Nathanael Arkor (Mar 27 2020 at 21:24):whether a definition exists yet is up for debate, but it certainly hasn't been worked out in detail yet
Jonathan Beardsley (Mar 27 2020 at 21:24):ah okay. right so I guess that's where i'm stymied, because I don't know what "dependent algebraic theories" are, or really even "linear algebraic theories."
Nathanael Arkor (Mar 27 2020 at 21:24):linear algebraic theories have a few different names, but they refer to algebraic theories that are presented by equations in which each variable appears on either side of an equation exactly once
Jonathan Beardsley (Mar 27 2020 at 21:25):I see, hence the whole "there is no operad of groups" thing
Nathanael Arkor (Mar 27 2020 at 21:25):right
Nathanael Arkor (Mar 27 2020 at 21:26):there's not one definition of "dependent algebraic theories", but I think @Chaitanya Leena Subramaniam and I have generally been referring to generalised algebraic theories in this context
Jonathan Beardsley (Mar 27 2020 at 21:26):okay cool. is there a paper with a good definition of "generalized algebraic theory"?
Nathanael Arkor (Mar 27 2020 at 21:26):no
Nathanael Arkor (Mar 27 2020 at 21:26):unless you like wading through concrete syntax :)
Nathanael Arkor (Mar 27 2020 at 21:27):the standard reference is still the original paper Generalised algebraic theories and contextual categories (https://www.sciencedirect.com/science/article/pii/0168007286900539)

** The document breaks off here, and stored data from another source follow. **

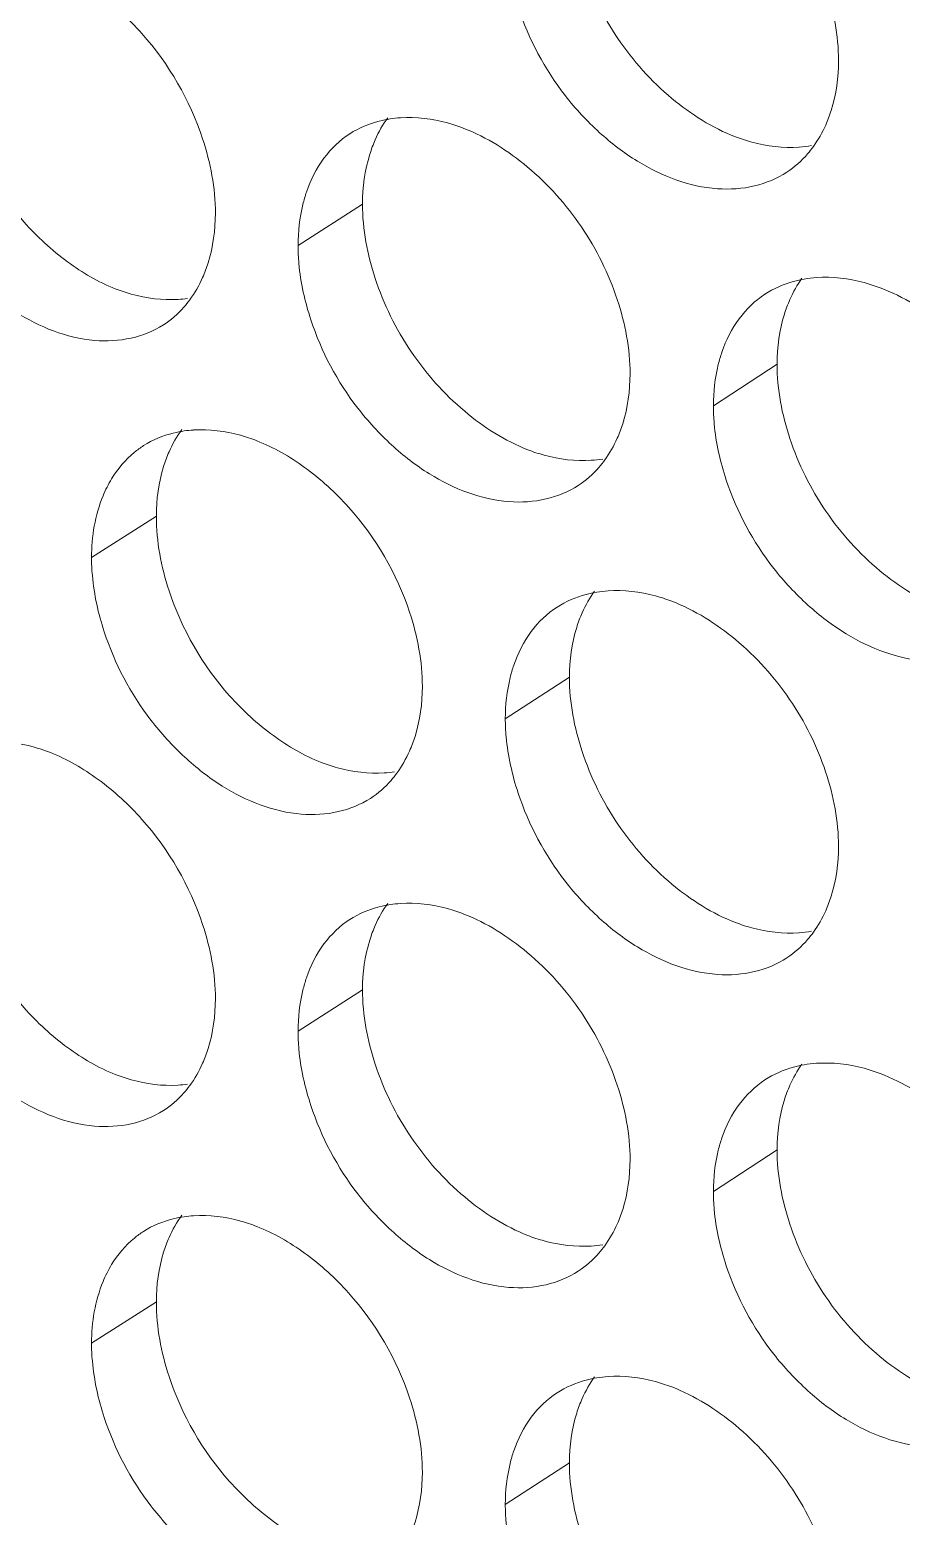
# Model space of a CAD drawing. Header units: millimetres. Extents: x 1177 to 4147, y 93 to 2194.
# Drawn here: x 2631.35 to 2640.08, y 955.27 to 970.17 of the extents above; entities that cross this region are included whole.
import ezdxf

# ---------------------------------------------------------------- set-up
doc = ezdxf.new("R2010")
doc.units = ezdxf.units.MM
doc.header["$LTSCALE"] = 0.1
doc.layers.get('0').update_dxf_attribs({"lineweight": 13})
doc.layers.add('标注', color=251, linetype='Continuous', lineweight=9)

# ---------------------------------------------------------------- blocks, each defined once
blk = doc.blocks.new('02')
at = {"layer": '标注'}
for p, q in [((4532.96, 974.732), (4532.038, 974.14)), ((4538.893, 972.441), (4537.982, 971.845)), ((4530.01, 970.263), (4529.082, 969.673)), ((4530.01, 970.263), (4529.082, 969.673)), ((4535.921, 967.958), (4535.004, 967.364)), ((4535.921, 967.958), (4535.004, 967.364)), ((4532.96, 963.482), (4532.038, 962.89)), ((4538.893, 961.191), (4537.982, 960.595)), ((4530.01, 959.013), (4529.082, 958.423)), ((4535.921, 956.708), (4535.004, 956.114))]:
    blk.add_line(p, q, dxfattribs=at)
for centre, radius, start, end in [((4533.615, 974.253), 1.719, 93.732, 98.663), ((4539.089, 977.266), 1.722, 273.9384, 279.9366), ((4539.577, 971.949), 1.735, 93.9617, 99.8775), ((4530.215, 975.061), 1.697, 273.5926, 278.0992), ((4530.65, 969.79), 1.711, 93.6161, 98.0527), ((4530.65, 969.79), 1.711, 93.6161, 98.0527), ((4536.12, 972.774), 1.714, 273.8238, 279.3262), ((4536.59, 967.472), 1.727, 93.8472, 99.2713), ((4536.59, 967.472), 1.727, 93.8472, 99.2713), ((4533.162, 968.289), 1.705, 273.7086, 278.7138), ((4533.162, 968.289), 1.705, 273.7086, 278.7138), ((4533.615, 963.003), 1.719, 93.732, 98.663), ((4539.089, 966.016), 1.722, 273.9384, 279.9366), ((4539.089, 966.016), 1.722, 273.9384, 279.9366), ((4539.577, 960.699), 1.735, 93.9617, 99.8775), ((4530.215, 963.811), 1.697, 273.5926, 278.0992), ((4530.65, 958.54), 1.711, 93.6161, 98.0527), ((4536.12, 961.524), 1.714, 273.8238, 279.3262), ((4536.59, 956.222), 1.727, 93.8472, 99.2713)]:
    blk.add_arc(centre, radius, start, end, dxfattribs=at)
for points, knots in [([(4539.773, 976.787), (4539.773, 977.147), (4539.628, 977.895), (4539.118, 978.919), (4538.355, 979.766), (4537.717, 980.17), (4537.385, 980.297)], [0, 0, 0, 0, 0.242103, 0.502254, 0.761298, 1, 1, 1, 1]), ([(4535.921, 979.208), (4535.921, 978.848), (4536.065, 978.1), (4536.572, 977.075), (4537.331, 976.227), (4537.967, 975.823), (4538.298, 975.696)], [0, 0, 0, 0, 0.242407, 0.502714, 0.761597, 1, 1, 1, 1]), ([(4530.855, 974.603), (4530.855, 974.963), (4530.675, 975.902), (4530.044, 976.991), (4529.212, 977.755), (4528.736, 978.033), (4528.493, 978.129)], [0, 0, 0, 0, 0.242804, 0.633144, 0.823843, 1, 1, 1, 1]), ([(4535.188, 977.55), (4535.338, 977.096), (4535.684, 976.448), (4536.329, 975.752), (4537.019, 975.22), (4537.809, 974.913), (4538.567, 974.963), (4538.895, 975.099), (4539.035, 975.191)], [0, 0, 0, 0, 0.282242, 0.422968, 0.557759, 0.795664, 0.900828, 1, 1, 1, 1]), ([(4527.071, 977.05), (4527.071, 976.69), (4527.249, 975.752), (4527.876, 974.66), (4528.704, 973.895), (4529.179, 973.617), (4529.422, 973.521)], [0, 0, 0, 0, 0.243106, 0.633556, 0.824063, 1, 1, 1, 1]), ([(4539.589, 975.864), (4539.619, 975.932), (4539.73, 976.228), (4539.773, 976.547), (4539.773, 976.787)], [0, 0, 0, 0, 0.23723, 1, 1, 1, 1]), ([(4533.356, 975.952), (4533.304, 975.944), (4533.102, 975.904), (4532.909, 975.822), (4532.78, 975.74)], [0, 0, 0, 0, 0.256287, 1, 1, 1, 1]), ([(4534.41, 975.817), (4534.334, 975.847), (4534.042, 975.944), (4533.729, 975.983), (4533.503, 975.968)], [0, 0, 0, 0, 0.264829, 1, 1, 1, 1]), ([(4532.78, 975.74), (4532.637, 975.648), (4532.377, 975.397), (4532.218, 975.077), (4532.159, 974.905)], [0, 0, 0, 0, 0.484049, 1, 1, 1, 1]), ([(4536.79, 972.302), (4536.79, 972.662), (4536.645, 973.41), (4536.137, 974.435), (4535.377, 975.283), (4534.741, 975.689), (4534.41, 975.817)], [0, 0, 0, 0, 0.242263, 0.502569, 0.761592, 1, 1, 1, 1]), ([(4538.298, 975.696), (4538.374, 975.667), (4538.667, 975.57), (4538.981, 975.533), (4539.207, 975.548)], [0, 0, 0, 0, 0.264454, 1, 1, 1, 1]), ([(4533.143, 975.655), (4533.113, 975.587), (4533.003, 975.291), (4532.96, 974.972), (4532.96, 974.732)], [0, 0, 0, 0, 0.236846, 1, 1, 1, 1]), ([(4539.035, 975.191), (4539.145, 975.263), (4539.279, 975.383), (4539.388, 975.522), (4539.415, 975.559)], [0, 0, 0, 0, 0.745335, 1, 1, 1, 1]), ([(4526.319, 975.397), (4526.467, 974.945), (4526.807, 974.298), (4527.441, 973.599), (4528.118, 973.062), (4528.895, 972.746), (4529.645, 972.784), (4529.97, 972.913), (4530.11, 973.002)], [0, 0, 0, 0, 0.283418, 0.424493, 0.559431, 0.79692, 0.901513, 1, 1, 1, 1]), ([(4532.159, 974.905), (4532.139, 974.847), (4532.066, 974.598), (4532.038, 974.337), (4532.038, 974.14)], [0, 0, 0, 0, 0.239111, 1, 1, 1, 1]), ([(4532.96, 974.732), (4532.96, 974.372), (4533.104, 973.624), (4533.608, 972.598), (4534.364, 971.748), (4534.999, 971.342), (4535.328, 971.214)], [0, 0, 0, 0, 0.242567, 0.503029, 0.761892, 1, 1, 1, 1]), ([(4530.672, 973.681), (4530.702, 973.749), (4530.812, 974.044), (4530.855, 974.363), (4530.855, 974.603)], [0, 0, 0, 0, 0.236789, 1, 1, 1, 1]), ([(4532.038, 974.14), (4532.038, 974.054), (4532.055, 973.693), (4532.135, 973.336), (4532.221, 973.076)], [0, 0, 0, 0, 0.239506, 1, 1, 1, 1]), ([(4539.279, 973.659), (4539.229, 973.65), (4539.032, 973.606), (4538.844, 973.524), (4538.719, 973.442)], [0, 0, 0, 0, 0.255872, 1, 1, 1, 1]), ([(4540.371, 973.533), (4540.295, 973.562), (4540, 973.658), (4539.684, 973.696), (4539.457, 973.68)], [0, 0, 0, 0, 0.264534, 1, 1, 1, 1]), ([(4529.422, 973.521), (4529.497, 973.492), (4529.786, 973.393), (4530.097, 973.353), (4530.321, 973.368)], [0, 0, 0, 0, 0.264899, 1, 1, 1, 1]), ([(4530.11, 973.002), (4530.219, 973.071), (4530.353, 973.188), (4530.461, 973.324), (4530.488, 973.36)], [0, 0, 0, 0, 0.745196, 1, 1, 1, 1]), ([(4538.719, 973.442), (4538.578, 973.349), (4538.322, 973.1), (4538.163, 972.783), (4538.104, 972.613)], [0, 0, 0, 0, 0.48481, 1, 1, 1, 1]), ([(4539.077, 973.365), (4539.047, 973.297), (4538.936, 973.001), (4538.893, 972.682), (4538.893, 972.441)], [0, 0, 0, 0, 0.237139, 1, 1, 1, 1]), ([(4542.768, 970.03), (4542.768, 970.39), (4542.622, 971.137), (4542.109, 972.16), (4541.344, 973.005), (4540.704, 973.407), (4540.371, 973.533)], [0, 0, 0, 0, 0.241944, 0.50194, 0.761004, 1, 1, 1, 1]), ([(4532.221, 973.076), (4532.37, 972.622), (4532.714, 971.974), (4533.356, 971.277), (4534.041, 970.743), (4534.827, 970.434), (4535.582, 970.48), (4535.909, 970.613), (4536.049, 970.704)], [0, 0, 0, 0, 0.282632, 0.423473, 0.558313, 0.796079, 0.901055, 1, 1, 1, 1]), ([(4538.104, 972.613), (4538.084, 972.554), (4538.01, 972.305), (4537.982, 972.043), (4537.982, 971.845)], [0, 0, 0, 0, 0.239305, 1, 1, 1, 1]), ([(4536.606, 971.379), (4536.636, 971.447), (4536.747, 971.743), (4536.79, 972.062), (4536.79, 972.302)], [0, 0, 0, 0, 0.237083, 1, 1, 1, 1]), ([(4538.893, 972.441), (4538.893, 972.081), (4539.037, 971.334), (4539.546, 970.309), (4540.308, 969.463), (4540.946, 969.061), (4541.278, 968.935)], [0, 0, 0, 0, 0.242248, 0.5024, 0.761305, 1, 1, 1, 1]), ([(4537.982, 971.845), (4537.982, 971.759), (4537.999, 971.398), (4538.079, 971.042), (4538.166, 970.782)], [0, 0, 0, 0, 0.239586, 1, 1, 1, 1]), ([(4530.41, 971.484), (4530.357, 971.477), (4530.153, 971.438), (4529.957, 971.357), (4529.827, 971.274)], [0, 0, 0, 0, 0.256503, 1, 1, 1, 1]), ([(4530.41, 971.484), (4530.357, 971.477), (4530.153, 971.438), (4529.957, 971.357), (4529.827, 971.274)], [0, 0, 0, 0, 0.256503, 1, 1, 1, 1]), ([(4531.446, 971.344), (4531.37, 971.374), (4531.079, 971.472), (4530.767, 971.512), (4530.542, 971.498)], [0, 0, 0, 0, 0.264979, 1, 1, 1, 1]), ([(4531.446, 971.344), (4531.37, 971.374), (4531.079, 971.472), (4530.767, 971.512), (4530.542, 971.498)], [0, 0, 0, 0, 0.264979, 1, 1, 1, 1]), ([(4529.827, 971.274), (4529.781, 971.245), (4529.602, 971.115), (4529.457, 970.941), (4529.37, 970.798)], [0, 0, 0, 0, 0.246085, 1, 1, 1, 1]), ([(4529.827, 971.274), (4529.781, 971.245), (4529.602, 971.115), (4529.457, 970.941), (4529.37, 970.798)], [0, 0, 0, 0, 0.246085, 1, 1, 1, 1]), ([(4533.817, 967.824), (4533.817, 968.184), (4533.637, 969.123), (4533.002, 970.211), (4532.168, 970.973), (4531.69, 971.249), (4531.446, 971.344)], [0, 0, 0, 0, 0.242644, 0.632801, 0.82359, 1, 1, 1, 1]), ([(4533.817, 967.824), (4533.817, 968.184), (4533.637, 969.123), (4533.002, 970.211), (4532.168, 970.973), (4531.69, 971.249), (4531.446, 971.344)], [0, 0, 0, 0, 0.242644, 0.632801, 0.82359, 1, 1, 1, 1]), ([(4530.192, 971.185), (4530.162, 971.117), (4530.052, 970.822), (4530.01, 970.503), (4530.01, 970.263)], [0, 0, 0, 0, 0.236699, 1, 1, 1, 1]), ([(4530.192, 971.185), (4530.162, 971.117), (4530.052, 970.822), (4530.01, 970.503), (4530.01, 970.263)], [0, 0, 0, 0, 0.236699, 1, 1, 1, 1]), ([(4535.328, 971.214), (4535.404, 971.185), (4535.696, 971.088), (4536.009, 971.049), (4536.234, 971.064)], [0, 0, 0, 0, 0.264601, 1, 1, 1, 1]), ([(4536.049, 970.704), (4536.159, 970.776), (4536.293, 970.894), (4536.402, 971.032), (4536.428, 971.069)], [0, 0, 0, 0, 0.74529, 1, 1, 1, 1]), ([(4529.37, 970.798), (4529.323, 970.721), (4529.148, 970.371), (4529.082, 969.972), (4529.082, 969.673)], [0, 0, 0, 0, 0.23391, 1, 1, 1, 1]), ([(4529.37, 970.798), (4529.323, 970.721), (4529.148, 970.371), (4529.082, 969.972), (4529.082, 969.673)], [0, 0, 0, 0, 0.23391, 1, 1, 1, 1]), ([(4538.166, 970.782), (4538.317, 970.327), (4538.665, 969.679), (4539.314, 968.984), (4540.007, 968.453), (4540.802, 968.15), (4541.563, 968.204), (4541.891, 968.342), (4542.032, 968.435)], [0, 0, 0, 0, 0.281854, 0.422466, 0.557209, 0.795252, 0.900604, 1, 1, 1, 1]), ([(4530.01, 970.263), (4530.01, 969.902), (4530.189, 968.964), (4530.818, 967.874), (4531.649, 967.111), (4532.126, 966.834), (4532.37, 966.739)], [0, 0, 0, 0, 0.242946, 0.633213, 0.82381, 1, 1, 1, 1]), ([(4530.01, 970.263), (4530.01, 969.902), (4530.189, 968.964), (4530.818, 967.874), (4531.649, 967.111), (4532.126, 966.834), (4532.37, 966.739)], [0, 0, 0, 0, 0.242946, 0.633213, 0.82381, 1, 1, 1, 1]), ([(4529.082, 969.673), (4529.082, 969.587), (4529.1, 969.226), (4529.179, 968.869), (4529.265, 968.608)], [0, 0, 0, 0, 0.239466, 1, 1, 1, 1]), ([(4529.082, 969.673), (4529.082, 969.587), (4529.1, 969.226), (4529.179, 968.869), (4529.265, 968.608)], [0, 0, 0, 0, 0.239466, 1, 1, 1, 1]), ([(4536.312, 969.177), (4536.261, 969.169), (4536.062, 969.126), (4535.871, 969.044), (4535.744, 968.962)], [0, 0, 0, 0, 0.256076, 1, 1, 1, 1]), ([(4536.312, 969.177), (4536.261, 969.169), (4536.062, 969.126), (4535.871, 969.044), (4535.744, 968.962)], [0, 0, 0, 0, 0.256076, 1, 1, 1, 1]), ([(4537.385, 969.047), (4537.309, 969.076), (4537.016, 969.173), (4536.701, 969.211), (4536.474, 969.196)], [0, 0, 0, 0, 0.264681, 1, 1, 1, 1]), ([(4537.385, 969.047), (4537.309, 969.076), (4537.016, 969.173), (4536.701, 969.211), (4536.474, 969.196)], [0, 0, 0, 0, 0.264681, 1, 1, 1, 1]), ([(4535.744, 968.962), (4535.602, 968.87), (4535.344, 968.62), (4535.185, 968.301), (4535.126, 968.131)], [0, 0, 0, 0, 0.484433, 1, 1, 1, 1]), ([(4535.744, 968.962), (4535.602, 968.87), (4535.344, 968.62), (4535.185, 968.301), (4535.126, 968.131)], [0, 0, 0, 0, 0.484433, 1, 1, 1, 1]), ([(4536.105, 968.882), (4536.074, 968.813), (4535.964, 968.518), (4535.921, 968.199), (4535.921, 967.958)], [0, 0, 0, 0, 0.236993, 1, 1, 1, 1]), ([(4536.105, 968.882), (4536.074, 968.813), (4535.964, 968.518), (4535.921, 968.199), (4535.921, 967.958)], [0, 0, 0, 0, 0.236993, 1, 1, 1, 1]), ([(4539.773, 965.537), (4539.773, 965.897), (4539.628, 966.645), (4539.118, 967.669), (4538.355, 968.516), (4537.717, 968.92), (4537.385, 969.047)], [0, 0, 0, 0, 0.242103, 0.502254, 0.761298, 1, 1, 1, 1]), ([(4539.773, 965.537), (4539.773, 965.897), (4539.628, 966.645), (4539.118, 967.669), (4538.355, 968.516), (4537.717, 968.92), (4537.385, 969.047)], [0, 0, 0, 0, 0.242103, 0.502254, 0.761298, 1, 1, 1, 1]), ([(4529.265, 968.608), (4529.413, 968.155), (4529.755, 967.508), (4530.393, 966.809), (4531.074, 966.274), (4531.856, 965.961), (4532.608, 966.003), (4532.934, 966.134), (4533.074, 966.224)], [0, 0, 0, 0, 0.283024, 0.423982, 0.55887, 0.796498, 0.901283, 1, 1, 1, 1]), ([(4529.265, 968.608), (4529.413, 968.155), (4529.755, 967.508), (4530.393, 966.809), (4531.074, 966.274), (4531.856, 965.961), (4532.608, 966.003), (4532.934, 966.134), (4533.074, 966.224)], [0, 0, 0, 0, 0.283024, 0.423982, 0.55887, 0.796498, 0.901283, 1, 1, 1, 1]), ([(4535.126, 968.131), (4535.106, 968.072), (4535.033, 967.823), (4535.004, 967.562), (4535.004, 967.364)], [0, 0, 0, 0, 0.239208, 1, 1, 1, 1]), ([(4535.126, 968.131), (4535.106, 968.072), (4535.033, 967.823), (4535.004, 967.562), (4535.004, 967.364)], [0, 0, 0, 0, 0.239208, 1, 1, 1, 1]), ([(4533.633, 966.901), (4533.664, 966.97), (4533.774, 967.265), (4533.817, 967.584), (4533.817, 967.824)], [0, 0, 0, 0, 0.236936, 1, 1, 1, 1]), ([(4533.633, 966.901), (4533.664, 966.97), (4533.774, 967.265), (4533.817, 967.584), (4533.817, 967.824)], [0, 0, 0, 0, 0.236936, 1, 1, 1, 1]), ([(4535.921, 967.958), (4535.921, 967.598), (4536.065, 966.85), (4536.572, 965.825), (4537.331, 964.977), (4537.967, 964.573), (4538.298, 964.446)], [0, 0, 0, 0, 0.242407, 0.502714, 0.761597, 1, 1, 1, 1]), ([(4535.921, 967.958), (4535.921, 967.598), (4536.065, 966.85), (4536.572, 965.825), (4537.331, 964.977), (4537.967, 964.573), (4538.298, 964.446)], [0, 0, 0, 0, 0.242407, 0.502714, 0.761597, 1, 1, 1, 1]), ([(4535.004, 967.364), (4535.004, 967.278), (4535.022, 966.917), (4535.102, 966.561), (4535.188, 966.3)], [0, 0, 0, 0, 0.239546, 1, 1, 1, 1]), ([(4535.004, 967.364), (4535.004, 967.278), (4535.022, 966.917), (4535.102, 966.561), (4535.188, 966.3)], [0, 0, 0, 0, 0.239546, 1, 1, 1, 1]), ([(4528.493, 966.879), (4528.417, 966.909), (4528.127, 967.007), (4527.816, 967.048), (4527.592, 967.034)], [0, 0, 0, 0, 0.265131, 1, 1, 1, 1]), ([(4530.855, 963.353), (4530.855, 963.713), (4530.675, 964.652), (4530.044, 965.741), (4529.212, 966.505), (4528.736, 966.783), (4528.493, 966.879)], [0, 0, 0, 0, 0.242804, 0.633144, 0.823843, 1, 1, 1, 1]), ([(4532.37, 966.739), (4532.445, 966.71), (4532.736, 966.612), (4533.048, 966.573), (4533.272, 966.588)], [0, 0, 0, 0, 0.264749, 1, 1, 1, 1]), ([(4532.37, 966.739), (4532.445, 966.71), (4532.736, 966.612), (4533.048, 966.573), (4533.272, 966.588)], [0, 0, 0, 0, 0.264749, 1, 1, 1, 1]), ([(4533.074, 966.224), (4533.184, 966.295), (4533.317, 966.413), (4533.426, 966.55), (4533.452, 966.586)], [0, 0, 0, 0, 0.745243, 1, 1, 1, 1]), ([(4533.074, 966.224), (4533.184, 966.295), (4533.317, 966.413), (4533.426, 966.55), (4533.452, 966.586)], [0, 0, 0, 0, 0.745243, 1, 1, 1, 1]), ([(4535.188, 966.3), (4535.338, 965.846), (4535.684, 965.198), (4536.329, 964.502), (4537.019, 963.97), (4537.809, 963.663), (4538.567, 963.713), (4538.895, 963.849), (4539.035, 963.941)], [0, 0, 0, 0, 0.282242, 0.422968, 0.557759, 0.795664, 0.900828, 1, 1, 1, 1]), ([(4535.188, 966.3), (4535.338, 965.846), (4535.684, 965.198), (4536.329, 964.502), (4537.019, 963.97), (4537.809, 963.663), (4538.567, 963.713), (4538.895, 963.849), (4539.035, 963.941)], [0, 0, 0, 0, 0.282242, 0.422968, 0.557759, 0.795664, 0.900828, 1, 1, 1, 1]), ([(4527.071, 965.8), (4527.071, 965.44), (4527.249, 964.502), (4527.876, 963.41), (4528.704, 962.645), (4529.179, 962.367), (4529.422, 962.271)], [0, 0, 0, 0, 0.243106, 0.633556, 0.824063, 1, 1, 1, 1]), ([(4539.589, 964.614), (4539.619, 964.682), (4539.73, 964.978), (4539.773, 965.297), (4539.773, 965.537)], [0, 0, 0, 0, 0.23723, 1, 1, 1, 1]), ([(4539.589, 964.614), (4539.619, 964.682), (4539.73, 964.978), (4539.773, 965.297), (4539.773, 965.537)], [0, 0, 0, 0, 0.23723, 1, 1, 1, 1]), ([(4533.356, 964.702), (4533.304, 964.694), (4533.102, 964.654), (4532.909, 964.572), (4532.78, 964.49)], [0, 0, 0, 0, 0.256287, 1, 1, 1, 1]), ([(4534.41, 964.567), (4534.334, 964.597), (4534.042, 964.694), (4533.729, 964.733), (4533.503, 964.718)], [0, 0, 0, 0, 0.264829, 1, 1, 1, 1]), ([(4532.78, 964.49), (4532.637, 964.398), (4532.377, 964.147), (4532.218, 963.827), (4532.159, 963.655)], [0, 0, 0, 0, 0.484049, 1, 1, 1, 1]), ([(4536.79, 961.052), (4536.79, 961.412), (4536.645, 962.16), (4536.137, 963.185), (4535.377, 964.033), (4534.741, 964.439), (4534.41, 964.567)], [0, 0, 0, 0, 0.242263, 0.502569, 0.761592, 1, 1, 1, 1]), ([(4538.298, 964.446), (4538.374, 964.417), (4538.667, 964.32), (4538.981, 964.283), (4539.207, 964.298)], [0, 0, 0, 0, 0.264454, 1, 1, 1, 1]), ([(4538.298, 964.446), (4538.374, 964.417), (4538.667, 964.32), (4538.981, 964.283), (4539.207, 964.298)], [0, 0, 0, 0, 0.264454, 1, 1, 1, 1]), ([(4533.143, 964.405), (4533.113, 964.337), (4533.003, 964.041), (4532.96, 963.722), (4532.96, 963.482)], [0, 0, 0, 0, 0.236846, 1, 1, 1, 1]), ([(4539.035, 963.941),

Nathanael Arkor (Mar 27 2020 at 21:28):it gives some reasonable intuition, but the formal definition leaves a lot to be desired
Nathanael Arkor (Mar 27 2020 at 21:28):the examples there should help give an idea of the sorts of structures that are possible to express in it, though
John Baez (Mar 27 2020 at 22:53):I was stumped by "linear algebraic theory" for a minute, but from context I guess it's an algebraic theory where all the equational laws have a special form: each variable appears exactly once on each side of the equation. For example monoids are described by a linear algebraic theory, but groups are not because the law has twice on side and not at all on the other.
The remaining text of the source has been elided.